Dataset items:
>>>
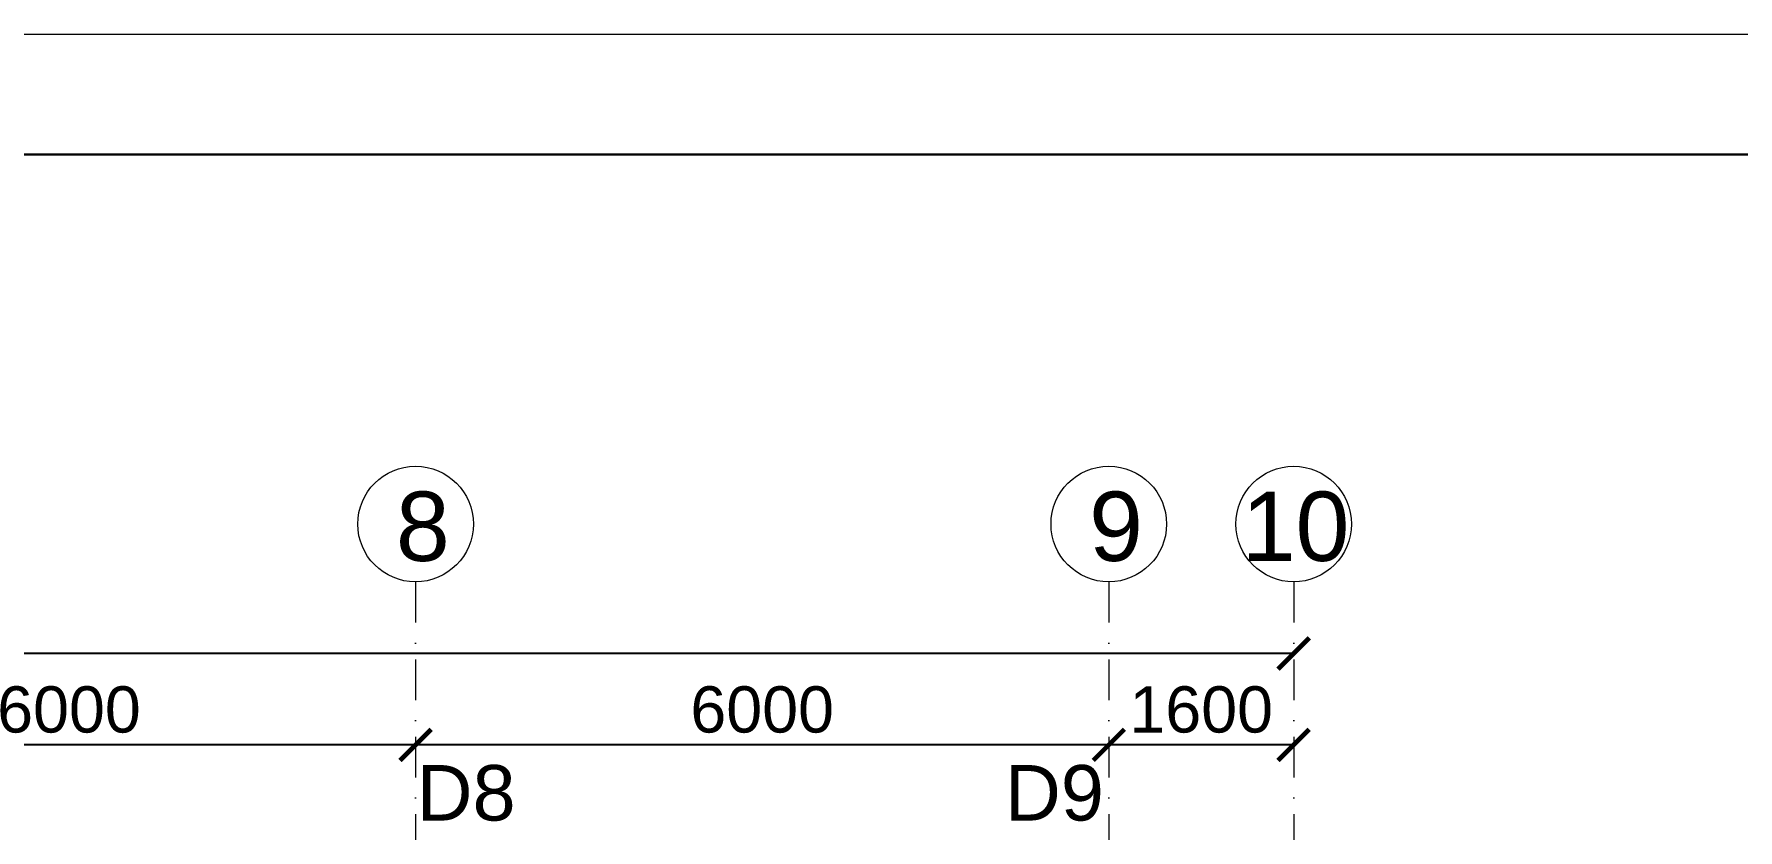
# Model space of a CAD drawing. Header units: millimetres. Extents: x 895788 to 1136524, y -21936 to 400945.
# Drawn here: x 958638 to 973385, y 252457 to 259343 of the extents above; entities that cross this region are included whole.
import ezdxf

# ---------------------------------------------------------------- set-up
doc = ezdxf.new("R2010")
doc.units = ezdxf.units.MM
doc.linetypes.add('Штрихпунктирная', pattern=[670.277762, 352.777767, -176.388884, 0, -141.111112])
for name, color, linetype, lineweight in [('невидимка_Ном._пера__41', 7, 'Continuous', 25), ('оси_Ном._пера__1', 7, 'Continuous', 15), ('перегородка_Ном._пера__7_Ном._пера__7', 7, 'Continuous', 60)]:
    doc.layers.add(name, color=color, linetype=linetype, lineweight=lineweight)
doc.styles.get("Standard").update_dxf_attribs({"font": 'arial.ttf', "height": 400})
doc.styles.add('СГЕНЕРИР_СТИЛЬ_1', font='arial.ttf')
doc.dimstyles.new('razmeri a-g', dxfattribs={"dimtxt": 400, "dimasz": 270, "dimexe": 1.25, "dimexo": 0.625, "dimgap": 100, "dimtad": 1, "dimdec": 0, "dimtxsty": 'Standard', "dimblk": 'ARCHTICK', "dimcen": 2.5, "dimadec": 0, "dimazin": 0, "dimtfac": 1, "dimtdec": 0, "dimtmove": 0, "dimatfit": 3, "dimfxl": 1, "dimarcsym": 0})

# ---------------------------------------------------------------- blocks, each defined once
blk = doc.blocks.new('_ArchTick')
at = {"color": 0, "linetype": 'ByBlock', "const_width": 0.15}
blk.add_lwpolyline([(-0.5, -0.5), (0.5, 0.5)], dxfattribs=at)
blk = doc.blocks.new('*D92')
at = {"color": 0, "lineweight": -2, "transparency": 16777216}
for p, q in [((924340, 253985), (924340, 253985)), ((969540, 253984), (924340, 253984)), ((969540, 253985), (969540, 253985))]:
    blk.add_line(p, q, dxfattribs=at)
at = {"layer": 'Defpoints', "color": 0, "transparency": 16777216}
for p in [(924340, 253984), (924340, 253984), (969540, 253984)]:
    blk.add_point(p, dxfattribs=at)
at = {"color": 0, "lineweight": -2, "transparency": 16777216, "xscale": 270, "yscale": 270, "zscale": 270, "rotation": 180}
blk.add_blockref('_ArchTick', (924340, 253984), dxfattribs=at)
at = {"color": 0, "lineweight": -2, "transparency": 16777216, "xscale": 270, "yscale": 270, "zscale": 270}
blk.add_blockref('_ArchTick', (969540, 253984), dxfattribs=at)
at = {"color": 0, "transparency": 16777216, "insert": (946940, 254288), "char_height": 400, "attachment_point": 5}
blk.add_mtext('45200', dxfattribs=at)
blk = doc.blocks.new('*D87')
at = {"color": 0, "lineweight": -2, "transparency": 16777216}
for p, q in [((967940, 253193), (967940, 253194)), ((969540, 253193), (967940, 253193)), ((969540, 253193), (969540, 253194))]:
    blk.add_line(p, q, dxfattribs=at)
at = {"layer": 'Defpoints', "color": 0, "transparency": 16777216}
for p in [(967940, 253193), (967940, 253193), (969540, 253193)]:
    blk.add_point(p, dxfattribs=at)
at = {"color": 0, "lineweight": -2, "transparency": 16777216, "xscale": 270, "yscale": 270, "zscale": 270, "rotation": 180}
blk.add_blockref('_ArchTick', (967940, 253193), dxfattribs=at)
at = {"color": 0, "lineweight": -2, "transparency": 16777216, "xscale": 270, "yscale": 270, "zscale": 270}
blk.add_blockref('_ArchTick', (969540, 253193), dxfattribs=at)
at = {"color": 0, "transparency": 16777216, "insert": (968740, 253497), "char_height": 400, "attachment_point": 5}
blk.add_mtext('1600', dxfattribs=at)
blk = doc.blocks.new('*D88')
at = {"color": 0, "lineweight": -2, "transparency": 16777216}
for p, q in [((961940, 253193), (961940, 253194)), ((967940, 253193), (961940, 253193)), ((967940, 253193), (967940, 253194))]:
    blk.add_line(p, q, dxfattribs=at)
at = {"layer": 'Defpoints', "color": 0, "transparency": 16777216}
for p in [(961940, 253193), (961940, 253193), (967940, 253193)]:
    blk.add_point(p, dxfattribs=at)
at = {"color": 0, "lineweight": -2, "transparency": 16777216, "xscale": 270, "yscale": 270, "zscale": 270, "rotation": 180}
blk.add_blockref('_ArchTick', (961940, 253193), dxfattribs=at)
at = {"color": 0, "lineweight": -2, "transparency": 16777216, "xscale": 270, "yscale": 270, "zscale": 270}
blk.add_blockref('_ArchTick', (967940, 253193), dxfattribs=at)
at = {"color": 0, "transparency": 16777216, "insert": (964940, 253497), "char_height": 400, "attachment_point": 5}
blk.add_mtext('6000', dxfattribs=at)
blk = doc.blocks.new('*D89')
at = {"color": 0, "lineweight": -2, "transparency": 16777216}
for p, q in [((955940, 253466), (955940, 253191)), ((961940, 253193), (955940, 253193)), ((961940, 253193), (961940, 253194))]:
    blk.add_line(p, q, dxfattribs=at)
at = {"layer": 'Defpoints', "color": 0, "transparency": 16777216}
for p in [(955940, 253467), (955940, 253193), (961940, 253193)]:
    blk.add_point(p, dxfattribs=at)
at = {"color": 0, "lineweight": -2, "transparency": 16777216, "xscale": 270, "yscale": 270, "zscale": 270, "rotation": 180}
blk.add_blockref('_ArchTick', (955940, 253193), dxfattribs=at)
at = {"color": 0, "lineweight": -2, "transparency": 16777216, "xscale": 270, "yscale": 270, "zscale": 270}
blk.add_blockref('_ArchTick', (961940, 253193), dxfattribs=at)
at = {"color": 0, "transparency": 16777216, "insert": (958940, 253497), "char_height": 400, "attachment_point": 5}
blk.add_mtext('6000', dxfattribs=at)

msp = doc.modelspace()

# ---------------------------------------------------------------- linework, layer by layer
at = {"lineweight": 30}
msp.add_lwpolyline([(915197.589, 258300.013), (997580.916, 258300.013), (997580.916, 198441.748), (915197.589, 198441.748)], close=True, dxfattribs=at)
at = {"layer": 'невидимка_Ном._пера__41', "linetype": 'Continuous', "lineweight": 20}
msp.add_line((911026.281, 259342.84), (998623.743, 259342.84), dxfattribs=at)
at = {"layer": 'оси_Ном._пера__1', "linetype": 'Штрихпунктирная', "flags": 128}
for points in [[(961939.873, 254603.557), (961939.873, 215755.017), (961939.873, 212575.726)], [(967940.05, 254603.557), (967940.05, 215755.017), (967940.049, 212575.726)], [(969540.244, 254603.557), (969540.244, 215755.017), (969540.244, 212575.741)]]:
    msp.add_lwpolyline(points, dxfattribs=at)
at = {"layer": 'оси_Ном._пера__1', "linetype": 'Continuous'}
for centre in [(961939.873, 255103.557), (967940.049, 255103.557), (969540.244, 255103.557)]:
    msp.add_circle(centre, 500, dxfattribs=at)

# ---------------------------------------------------------------- texts
at = {"char_height": 480, "attachment_point": 3}
for s, insert in [('{\\fArial|b0|i0|c238|p34;D8}', (962805.813, 253018.48)), ('{\\fArial|b0|i0|c238|p34;D9}', (967897.972, 253018.48))]:
    msp.add_mtext_dynamic_manual_height_columns(s, width=1030.0719, gutter_width=2000, heights=[0], dxfattribs=dict(at, insert=insert))
at = {"layer": 'перегородка_Ном._пера__7_Ном._пера__7', "linetype": 'Continuous', "char_height": 600, "attachment_point": 1, "style": 'СГЕНЕРИР_СТИЛЬ_1'}
for s, insert in [('8', (961769.635, 255384.458)), ('9', (967769.811, 255384.458)), ('{\\fArial|b0|i0|c238|p38;1}0', (969090.555, 255384.458))]:
    msp.add_mtext(s, dxfattribs=dict(at, insert=insert))

# ---------------------------------------------------------------- dimensions: what is measured, and where the dimension line sits
for base, p1, p2, picture, middle in [((924339.873, 253984.224), (969540.244, 253984.224), (924339.873, 253984.224), '*D92', (946940.059, 254288.453)), ((955939.873, 253192.692), (961939.873, 253192.692), (955939.873, 253466.569), '*D89', (958939.873, 253496.921)), ((961939.873, 253192.692), (967940.05, 253192.692), (961939.873, 253192.692), '*D88', (964939.961, 253496.921))]:
    dim = msp.add_linear_dim(base=base, p1=p1, p2=p2, angle=180, dimstyle='razmeri a-g')
    dim.commit()
    dim.dimension.update_dxf_attribs({"geometry": picture, "text_midpoint": middle})
dim = msp.add_linear_dim(base=(967940.05, 253192.692), p1=(969540.244, 253192.692), p2=(967940.05, 253192.692), angle=180, dimstyle='razmeri a-g')
dim.commit()
dim.dimension.update_dxf_attribs({"geometry": '*D87', "text_midpoint": (968740.147, 253192.692), "dimtype": 160})

doc.saveas('drawing.dxf')
<<<
#### [REQUIRED WORK]
From the line holding "for base, p1, p2, picture, middle" to the last line of the records, quote each line exactly and add nothing.

#### [ANSWER BOX]
for base, p1, p2, picture, middle in [((924339.873, 253984.224), (969540.244, 253984.224), (924339.873, 253984.224), '*D92', (946940.059, 254288.453)), ((955939.873, 253192.692), (961939.873, 253192.692), (955939.873, 253466.569), '*D89', (958939.873, 253496.921)), ((961939.873, 253192.692), (967940.05, 253192.692), (961939.873, 253192.692), '*D88', (964939.961, 253496.921))]:
    dim = msp.add_linear_dim(base=base, p1=p1, p2=p2, angle=180, dimstyle='razmeri a-g')
    dim.commit()
    dim.dimension.update_dxf_attribs({"geometry": picture, "text_midpoint": middle})
dim = msp.add_linear_dim(base=(967940.05, 253192.692), p1=(969540.244, 253192.692), p2=(967940.05, 253192.692), angle=180, dimstyle='razmeri a-g')
dim.commit()
dim.dimension.update_dxf_attribs({"geometry": '*D87', "text_midpoint": (968740.147, 253192.692), "dimtype": 160})

doc.saveas('drawing.dxf')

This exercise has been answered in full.